Vom Ausspruch „Zurück zur Natur!“, der Jean-Jacques Rousseau (nicht ganz zutreffend) zugeschrieben wird, bis hin zu Immanuel Kants Maxime „Sapere aude! Habe Muth, dich deines eigenen Verstandes zu bedienen!“[1] wurden im Zeitalter der Aufklärung immer wieder zwei höchste Instanzen angerufen: Natur und Vernunft. Sie erschienen als die maßgeblichen Richtgrößen für das philosophische Denken und wurden ideologisch miteinander verschmolzen. Dies lässt sich an der reichhaltigen Metaphorik vom „Tempel der Natur“ ablesen, die dann in der zweiten Hälfte des 19. Jahrhunderts in Form des naturwissenschaftlichen Laboratoriums zum „Tempel der Wissenschaft“ mutierte (Kap. 5). In diesem Tempel wurde die Natur gewissermaßen als Göttin verehrt, was auf antike Vorbilder wie Isis, Artemis, Demeter oder Diana verwies. In den „Salons“ von Denis Diderot findet sich eine interessante Zeichnung von Charles-Nicolas Cochin, das als Frontispiz für die „Enzyklopädie“ vorgesehen war. (Abb. [i]) Die durchsichtig verschleierte Frauengestalt personifiziert die Wahrheit (la Vérité). Sie ist von Lichtstrahlen umgeben, die nicht von oben kommen, sondern ihr selbst zugehören. Die Wahrheit wird hier offensichtlich mit Natura und Sophia, Natur und göttlicher Weisheit in eins gesetzt. In der Beschreibung heißt es, ins Deutsche übersetzt: „Die Vernunft und die Metaphysik versuchen, ihr [der Wahrheit] den Schleier wegzuziehen. Die Theologie erwartet ihr Licht von einem Strahl, der vom Himmel kommt; nahe bei ihr die Erinnerung (Mémoire) und die alte und neue Geschichte. Auf der anderen Seite nähert sich die Imagination mit einer Girlande, um die Wahrheit zu schmücken. Darunter befinden sich die verschiedenen Poesien (Poésies) und die Künste [foule de philosophes speculatifs] [2]. Ganz unten sind mehrere Talente (Talens), die von den Wissenschaften und Künsten abstammen [la troupe des artistes].“[3] Das Motiv der Enthüllung der Göttin als Symbol der Naturforschung trat in der bildenden Kunst in den Vordergrund und sollte im Zeitalter der Französischen Revolution eine Hochzeit erfahren. Auf die wissenschaftshistorische bzw. epistemologische Bedeutung der Enthüllungsmetaphorik sind wir bereits eingegangen (Kap. 4).
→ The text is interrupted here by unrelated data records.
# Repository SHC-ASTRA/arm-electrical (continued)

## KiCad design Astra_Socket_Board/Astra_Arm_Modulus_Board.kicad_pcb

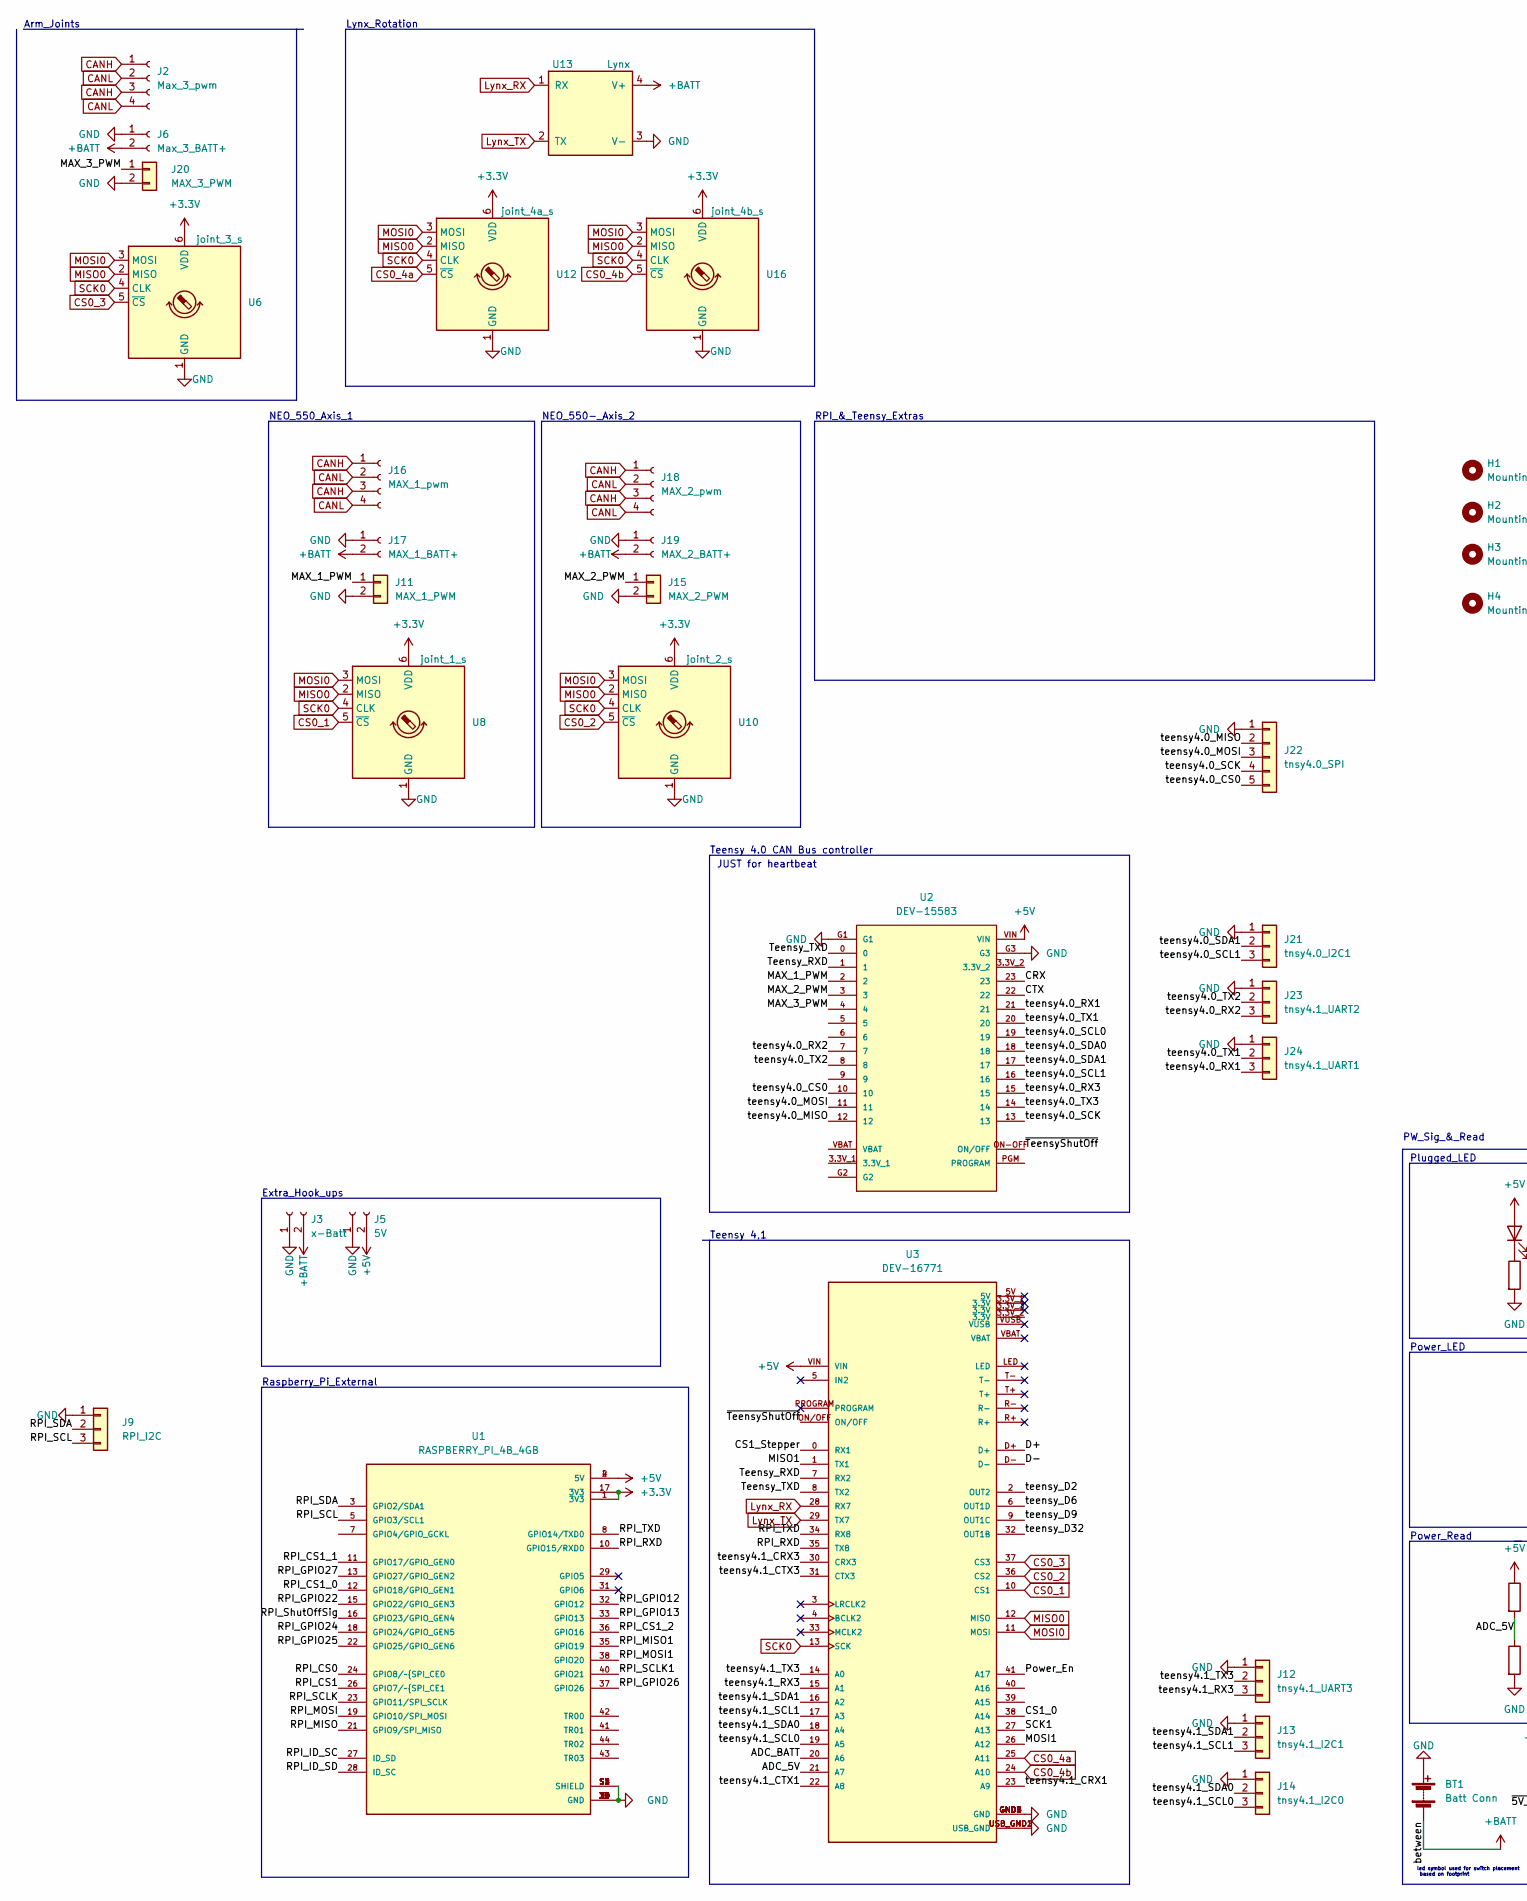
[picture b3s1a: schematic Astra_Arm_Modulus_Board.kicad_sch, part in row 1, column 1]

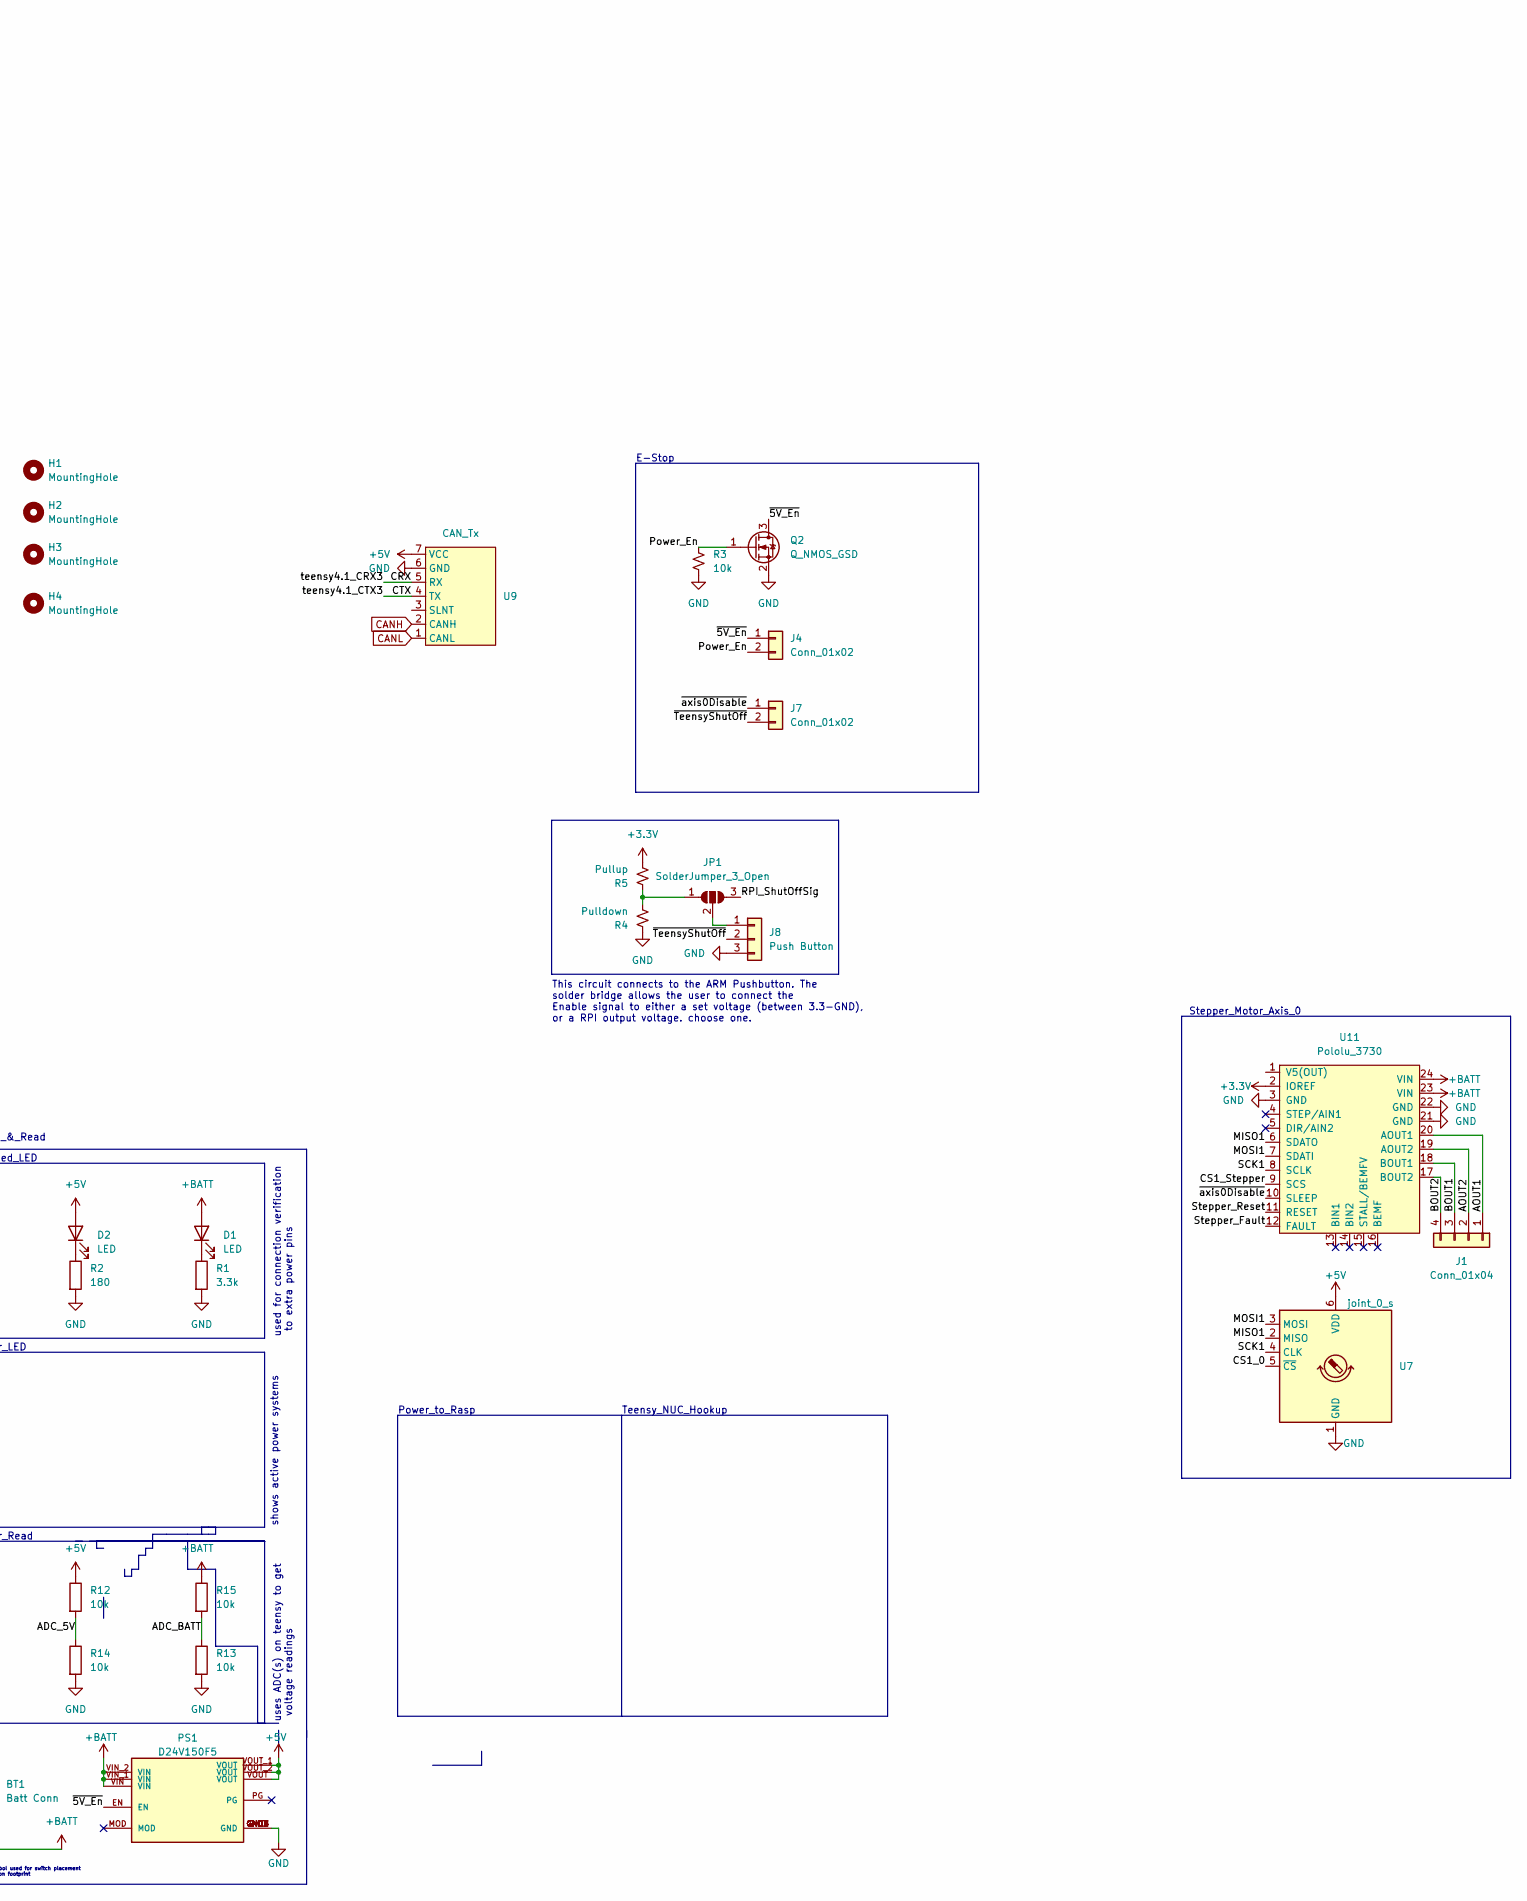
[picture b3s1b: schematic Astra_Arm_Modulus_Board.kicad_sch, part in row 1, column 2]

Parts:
BT1: Batt Conn; AMASS_XT60-F_1x02_P7.20mm_Vertical
D1, D2: LED; LED_0603_1608Metric_Pad1.05x0.95mm_HandSolder
H1, H2, H3, H4: MountingHole; MountingHole_3mm
J1: Conn_01x04; JST_XH_S4B-XH-A_1x04_P2.50mm_Horizontal
J2: Max_3_pwm; JST_EH_B4B-EH-A_1x04_P2.50mm_Vertical
J3: x-Batt; AMASS_XT60-F_1x02_P7.20mm_Vertical
J4, J7: Conn_01x02; PinSocket_1x02_P2.54mm_Vertical
J5: 5V; AMASS_XT60-F_1x02_P7.20mm_Vertical
J6: Max_3_BATT+; AMASS_XT60-F_1x02_P7.20mm_Vertical
J8: Push Button; JST_PH_B3B-PH-K_1x03_P2.00mm_Vertical
J9: RPI_I2C; PinHeader_1x03_P2.54mm_Vertical
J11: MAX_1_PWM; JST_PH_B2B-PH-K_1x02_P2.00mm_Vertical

Die Inthronisierung der emanzipatorischen Vernunft im Kontext von Aufklärung, Deutschem Idealismus und Französischer Revolution ging mit einem Rekurs auf mythologische Stoffe einher, so, als habe sich die Revolution ihren eigenen Mythos auf dem Boden der alten Mythologie schaffen wollen. Der griechische Schriftsteller Plutarch zitierte bekanntlich die Inschrift „[…] noch kein Sterblicher hat jemals mein Gewand gelüftet“ am „Thronsitz der Athene in Sais, die man auch für die Isis hält“.[4] Nach der Überlieferung des Neuplatonikers Proklos umfasste die Inschrift noch eine weitere Aussage: „[…] mein Gewand hat noch niemand gelüftet. Die Frucht, die ich gebar, wurde die Sonne“.[5] Die auch als „Jungfrau“ bezeichnete Göttin habe keinen Geschlechtsverkehr gehabt und die Sonne aus sich allein geboren.[6] Eine gewisse Analogie zur Heiligen Jungfrau und Gottesmutter Maria ist nicht zu übersehen (Kap. 39).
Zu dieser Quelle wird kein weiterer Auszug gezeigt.